BEGIN Records for the task

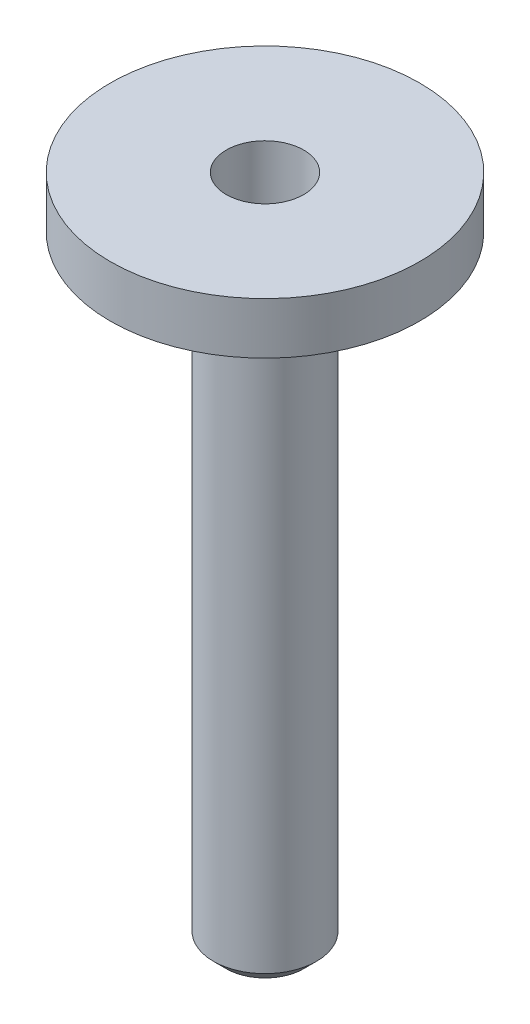
ISO-10303-21;
HEADER;
FILE_DESCRIPTION(('STEP AP214'),'2;1');
FILE_NAME('part.step','',(''),(''),'','','');
FILE_SCHEMA(('AUTOMOTIVE_DESIGN { 1 0 10303 214 1 1 1 1 }'));
ENDSEC;
DATA;
#1=APPLICATION_CONTEXT('core data for automotive mechanical design processes');
#2=APPLICATION_PROTOCOL_DEFINITION('international standard','automotive_design',2000,#1);
#3=PRODUCT_CONTEXT('',#1,'mechanical');
#4=PRODUCT('Part','Part','',(#3));
#5=PRODUCT_RELATED_PRODUCT_CATEGORY('part','',(#4));
#6=PRODUCT_DEFINITION_FORMATION('','',#4);
#7=PRODUCT_DEFINITION_CONTEXT('part definition',#1,'design');
#8=PRODUCT_DEFINITION('design','',#6,#7);
#9=PRODUCT_DEFINITION_SHAPE('','',#8);
#10=(LENGTH_UNIT() NAMED_UNIT(*) SI_UNIT(.MILLI.,.METRE.));
#11=(NAMED_UNIT(*) PLANE_ANGLE_UNIT() SI_UNIT($,.RADIAN.));
#12=(NAMED_UNIT(*) SI_UNIT($,.STERADIAN.) SOLID_ANGLE_UNIT());
#13=UNCERTAINTY_MEASURE_WITH_UNIT(LENGTH_MEASURE(1.E-05),#10,'distance_accuracy_value','');
#14=(GEOMETRIC_REPRESENTATION_CONTEXT(3) GLOBAL_UNCERTAINTY_ASSIGNED_CONTEXT((#13)) GLOBAL_UNIT_ASSIGNED_CONTEXT((#10,
#11,#12)) REPRESENTATION_CONTEXT('',''));
#15=CARTESIAN_POINT('',(0.,0.,0.));
#16=DIRECTION('',(0.,0.,1.));
#17=DIRECTION('',(1.,0.,0.));
#18=AXIS2_PLACEMENT_3D('',#15,#16,#17);
#19=CARTESIAN_POINT('',(0.,0.,0.));
#20=DIRECTION('',(0.,-1.,0.));
#21=DIRECTION('',(0.,0.,-1.));
#22=AXIS2_PLACEMENT_3D('',#19,#20,#21);
#23=PLANE('',#22);
#24=CARTESIAN_POINT('',(0.,0.,0.));
#25=DIRECTION('',(0.,1.,0.));
#26=DIRECTION('',(0.,0.,1.));
#27=AXIS2_PLACEMENT_3D('',#24,#25,#26);
#28=CIRCLE('',#27,4.7625);
#29=CARTESIAN_POINT('',(0.,0.,4.7625));
#30=VERTEX_POINT('',#29);
#31=EDGE_CURVE('E65',#30,#30,#28,.T.);
#32=ORIENTED_EDGE('',*,*,#31,.F.);
#33=EDGE_LOOP('',(#32));
#34=FACE_BOUND('',#33,.T.);
#35=CARTESIAN_POINT('',(0.,0.,0.));
#36=DIRECTION('',(0.,-1.,0.));
#37=DIRECTION('',(0.,0.,-1.));
#38=AXIS2_PLACEMENT_3D('',#35,#36,#37);
#39=CIRCLE('',#38,19.05);
#40=CARTESIAN_POINT('',(0.,0.,-19.05));
#41=VERTEX_POINT('',#40);
#42=EDGE_CURVE('E94',#41,#41,#39,.T.);
#43=ORIENTED_EDGE('',*,*,#42,.F.);
#44=EDGE_LOOP('',(#43));
#45=FACE_BOUND('',#44,.T.);
#46=ADVANCED_FACE('F41',(#34,#45),#23,.F.);
#47=CARTESIAN_POINT('',(0.,-82.55,0.));
#48=DIRECTION('',(0.,-1.,0.));
#49=DIRECTION('',(0.,0.,-1.));
#50=AXIS2_PLACEMENT_3D('',#47,#48,#49);
#51=CYLINDRICAL_SURFACE('',#50,19.05);
#52=CARTESIAN_POINT('',(0.,-6.35000000000001,0.));
#53=DIRECTION('',(0.,-1.,0.));
#54=DIRECTION('',(0.,0.,-1.));
#55=AXIS2_PLACEMENT_3D('',#52,#53,#54);
#56=CIRCLE('',#55,19.05);
#57=CARTESIAN_POINT('',(0.,-6.35000000000001,-19.05));
#58=VERTEX_POINT('',#57);
#59=EDGE_CURVE('E90',#58,#58,#56,.T.);
#60=ORIENTED_EDGE('',*,*,#59,.F.);
#61=EDGE_LOOP('',(#60));
#62=FACE_BOUND('',#61,.T.);
#63=ORIENTED_EDGE('',*,*,#42,.T.);
#64=EDGE_LOOP('',(#63));
#65=FACE_BOUND('',#64,.T.);
#66=ADVANCED_FACE('F110',(#62,#65),#51,.T.);
#67=CARTESIAN_POINT('',(-19.05,-6.35,0.));
#68=DIRECTION('',(0.,1.,0.));
#69=DIRECTION('',(0.,0.,1.));
#70=AXIS2_PLACEMENT_3D('',#67,#68,#69);
#71=PLANE('',#70);
#72=CARTESIAN_POINT('',(0.,-6.35000000000001,0.));
#73=DIRECTION('',(0.,-1.,0.));
#74=DIRECTION('',(0.,0.,-1.));
#75=AXIS2_PLACEMENT_3D('',#72,#73,#74);
#76=CIRCLE('',#75,17.4625);
#77=CARTESIAN_POINT('',(0.,-6.35000000000001,-17.4625));
#78=VERTEX_POINT('',#77);
#79=EDGE_CURVE('E86',#78,#78,#76,.T.);
#80=ORIENTED_EDGE('',*,*,#79,.F.);
#81=EDGE_LOOP('',(#80));
#82=FACE_BOUND('',#81,.T.);
#83=ORIENTED_EDGE('',*,*,#59,.T.);
#84=EDGE_LOOP('',(#83));
#85=FACE_BOUND('',#84,.T.);
#86=ADVANCED_FACE('F115',(#82,#85),#71,.F.);
#87=CARTESIAN_POINT('',(0.,-82.55,0.));
#88=DIRECTION('',(0.,-1.,0.));
#89=DIRECTION('',(0.,0.,-1.));
#90=AXIS2_PLACEMENT_3D('',#87,#88,#89);
#91=CYLINDRICAL_SURFACE('',#90,17.4625);
#92=CARTESIAN_POINT('',(0.,-3.81000000000001,0.));
#93=DIRECTION('',(0.,-1.,0.));
#94=DIRECTION('',(0.,0.,-1.));
#95=AXIS2_PLACEMENT_3D('',#92,#93,#94);
#96=CIRCLE('',#95,17.4625);
#97=CARTESIAN_POINT('',(0.,-3.81000000000001,-17.4625));
#98=VERTEX_POINT('',#97);
#99=EDGE_CURVE('E82',#98,#98,#96,.T.);
#100=ORIENTED_EDGE('',*,*,#99,.F.);
#101=EDGE_LOOP('',(#100));
#102=FACE_BOUND('',#101,.T.);
#103=ORIENTED_EDGE('',*,*,#79,.T.);
#104=EDGE_LOOP('',(#103));
#105=FACE_BOUND('',#104,.T.);
#106=ADVANCED_FACE('F123',(#102,#105),#91,.F.);
#107=CARTESIAN_POINT('',(-17.4625,-3.81,0.));
#108=DIRECTION('',(0.,1.,0.));
#109=DIRECTION('',(0.,0.,1.));
#110=AXIS2_PLACEMENT_3D('',#107,#108,#109);
#111=PLANE('',#110);
#112=CARTESIAN_POINT('',(0.,-3.81000000000001,0.));
#113=DIRECTION('',(0.,-1.,0.));
#114=DIRECTION('',(0.,0.,-1.));
#115=AXIS2_PLACEMENT_3D('',#112,#113,#114);
#116=CIRCLE('',#115,14.1605);
#117=CARTESIAN_POINT('',(0.,-3.81000000000001,-14.1605));
#118=VERTEX_POINT('',#117);
#119=EDGE_CURVE('E78',#118,#118,#116,.T.);
#120=ORIENTED_EDGE('',*,*,#119,.F.);
#121=EDGE_LOOP('',(#120));
#122=FACE_BOUND('',#121,.T.);
#123=ORIENTED_EDGE('',*,*,#99,.T.);
#124=EDGE_LOOP('',(#123));
#125=FACE_BOUND('',#124,.T.);
#126=ADVANCED_FACE('F127',(#122,#125),#111,.F.);
#127=CARTESIAN_POINT('',(0.,-82.55,0.));
#128=DIRECTION('',(0.,-1.,0.));
#129=DIRECTION('',(0.,0.,-1.));
#130=AXIS2_PLACEMENT_3D('',#127,#128,#129);
#131=CYLINDRICAL_SURFACE('',#130,14.1605);
#132=CARTESIAN_POINT('',(0.,-6.35000000000001,0.));
#133=DIRECTION('',(0.,-1.,0.));
#134=DIRECTION('',(0.,0.,-1.));
#135=AXIS2_PLACEMENT_3D('',#132,#133,#134);
#136=CIRCLE('',#135,14.1605);
#137=CARTESIAN_POINT('',(0.,-6.35000000000001,-14.1605));
#138=VERTEX_POINT('',#137);
#139=EDGE_CURVE('E70',#138,#138,#136,.T.);
#140=ORIENTED_EDGE('',*,*,#139,.F.);
#141=EDGE_LOOP('',(#140));
#142=FACE_BOUND('',#141,.T.);
#143=ORIENTED_EDGE('',*,*,#119,.T.);
#144=EDGE_LOOP('',(#143));
#145=FACE_BOUND('',#144,.T.);
#146=ADVANCED_FACE('F131',(#142,#145),#131,.T.);
#147=CARTESIAN_POINT('',(-14.1605,-6.35,0.));
#148=DIRECTION('',(0.,1.,0.));
#149=DIRECTION('',(0.,0.,1.));
#150=AXIS2_PLACEMENT_3D('',#147,#148,#149);
#151=PLANE('',#150);
#152=CARTESIAN_POINT('',(0.,-6.35000000000001,0.));
#153=DIRECTION('',(0.,-1.,0.));
#154=DIRECTION('',(0.,0.,-1.));
#155=AXIS2_PLACEMENT_3D('',#152,#153,#154);
#156=CIRCLE('',#155,6.35);
#157=CARTESIAN_POINT('',(0.,-6.35000000000001,-6.35));
#158=VERTEX_POINT('',#157);
#159=EDGE_CURVE('E64',#158,#158,#156,.T.);
#160=ORIENTED_EDGE('',*,*,#159,.F.);
#161=EDGE_LOOP('',(#160));
#162=FACE_BOUND('',#161,.T.);
#163=ORIENTED_EDGE('',*,*,#139,.T.);
#164=EDGE_LOOP('',(#163));
#165=FACE_BOUND('',#164,.T.);
#166=ADVANCED_FACE('F135',(#162,#165),#151,.F.);
#167=CARTESIAN_POINT('',(0.,-82.55,0.));
#168=DIRECTION('',(0.,-1.,0.));
#169=DIRECTION('',(0.,0.,-1.));
#170=AXIS2_PLACEMENT_3D('',#167,#168,#169);
#171=CYLINDRICAL_SURFACE('',#170,6.34999999999999);
#172=CARTESIAN_POINT('',(0.,-80.9625,0.));
#173=DIRECTION('',(0.,1.,0.));
#174=DIRECTION('',(0.,0.,1.));
#175=AXIS2_PLACEMENT_3D('',#172,#173,#174);
#176=CIRCLE('',#175,6.34999999999999);
#177=CARTESIAN_POINT('',(0.,-80.9625,6.34999999999999));
#178=VERTEX_POINT('',#177);
#179=EDGE_CURVE('E11',#178,#178,#176,.T.);
#180=ORIENTED_EDGE('',*,*,#179,.T.);
#181=EDGE_LOOP('',(#180));
#182=FACE_BOUND('',#181,.T.);
#183=ORIENTED_EDGE('',*,*,#159,.T.);
#184=EDGE_LOOP('',(#183));
#185=FACE_BOUND('',#184,.T.);
#186=ADVANCED_FACE('F139',(#182,#185),#171,.T.);
#187=CARTESIAN_POINT('',(-6.34999999999999,-82.55,0.));
#188=DIRECTION('',(0.,1.,0.));
#189=DIRECTION('',(0.,0.,1.));
#190=AXIS2_PLACEMENT_3D('',#187,#188,#189);
#191=PLANE('',#190);
#192=CARTESIAN_POINT('',(0.,-82.55,0.));
#193=DIRECTION('',(0.,1.,0.));
#194=DIRECTION('',(0.,0.,1.));
#195=AXIS2_PLACEMENT_3D('',#192,#193,#194);
#196=CIRCLE('',#195,4.76249999999999);
#197=CARTESIAN_POINT('',(0.,-82.55,4.76249999999999));
#198=VERTEX_POINT('',#197);
#199=EDGE_CURVE('E50',#198,#198,#196,.F.);
#200=ORIENTED_EDGE('',*,*,#199,.T.);
#201=EDGE_LOOP('',(#200));
#202=FACE_BOUND('',#201,.T.);
#203=ADVANCED_FACE('F57',(#202),#191,.F.);
#204=CARTESIAN_POINT('',(0.,-77.7875,0.));
#205=DIRECTION('',(0.,1.,0.));
#206=DIRECTION('',(0.,0.,1.));
#207=AXIS2_PLACEMENT_3D('',#204,#205,#206);
#208=CONICAL_SURFACE('',#207,4.76249999999998,1.02974425867665);
#209=CARTESIAN_POINT('',(0.,-80.6490986981188,0.));
#210=VERTEX_POINT('',#209);
#211=VERTEX_LOOP('',#210);
#212=FACE_BOUND('',#211,.T.);
#213=CARTESIAN_POINT('',(0.,-77.7875,0.));
#214=DIRECTION('',(0.,1.,0.));
#215=DIRECTION('',(0.,0.,1.));
#216=AXIS2_PLACEMENT_3D('',#213,#214,#215);
#217=CIRCLE('',#216,4.76249999999998);
#218=CARTESIAN_POINT('',(0.,-77.7875,4.76249999999998));
#219=VERTEX_POINT('',#218);
#220=EDGE_CURVE('E61',#219,#219,#217,.T.);
#221=ORIENTED_EDGE('',*,*,#220,.T.);
#222=EDGE_LOOP('',(#221));
#223=FACE_BOUND('',#222,.T.);
#224=ADVANCED_FACE('F53',(#212,#223),#208,.F.);
#225=CARTESIAN_POINT('',(0.,0.,0.));
#226=DIRECTION('',(0.,1.,0.));
#227=DIRECTION('',(0.,0.,1.));
#228=AXIS2_PLACEMENT_3D('',#225,#226,#227);
#229=CYLINDRICAL_SURFACE('',#228,4.76249999999999);
#230=ORIENTED_EDGE('',*,*,#220,.F.);
#231=EDGE_LOOP('',(#230));
#232=FACE_BOUND('',#231,.T.);
#233=ORIENTED_EDGE('',*,*,#31,.T.);
#234=EDGE_LOOP('',(#233));
#235=FACE_BOUND('',#234,.T.);
#236=ADVANCED_FACE('F56',(#232,#235),#229,.F.);
#237=CARTESIAN_POINT('',(0.,-82.55,0.));
#238=DIRECTION('',(0.,1.,0.));
#239=DIRECTION('',(0.,0.,1.));
#240=AXIS2_PLACEMENT_3D('',#237,#238,#239);
#241=CONICAL_SURFACE('',#240,4.76249999999999,0.785398163397444);
#242=ORIENTED_EDGE('',*,*,#179,.F.);
#243=EDGE_LOOP('',(#242));
#244=FACE_BOUND('',#243,.T.);
#245=ORIENTED_EDGE('',*,*,#199,.F.);
#246=EDGE_LOOP('',(#245));
#247=FACE_BOUND('',#246,.T.);
#248=ADVANCED_FACE('F44',(#244,#247),#241,.T.);
#249=CLOSED_SHELL('',(#46,#66,#86,#106,#126,#146,#166,#186,#203,#224,#236,#248));
#250=MANIFOLD_SOLID_BREP('B2',#249);
#251=ADVANCED_BREP_SHAPE_REPRESENTATION('',(#18,#250),#14);
#252=SHAPE_DEFINITION_REPRESENTATION(#9,#251);
ENDSEC;
END-ISO-10303-21;

END Records for the task

### Your instructions:
Print exactly the lines running from the start of the entries above to the line with "#1=APPLICATION_CONTEXT('core data for", both included; leave out any pictures.

### Exercise response:
ISO-10303-21;
HEADER;
FILE_DESCRIPTION(('STEP AP214'),'2;1');
FILE_NAME('part.step','',(''),(''),'','','');
FILE_SCHEMA(('AUTOMOTIVE_DESIGN { 1 0 10303 214 1 1 1 1 }'));
ENDSEC;
DATA;
#1=APPLICATION_CONTEXT('core data for automotive mechanical design processes');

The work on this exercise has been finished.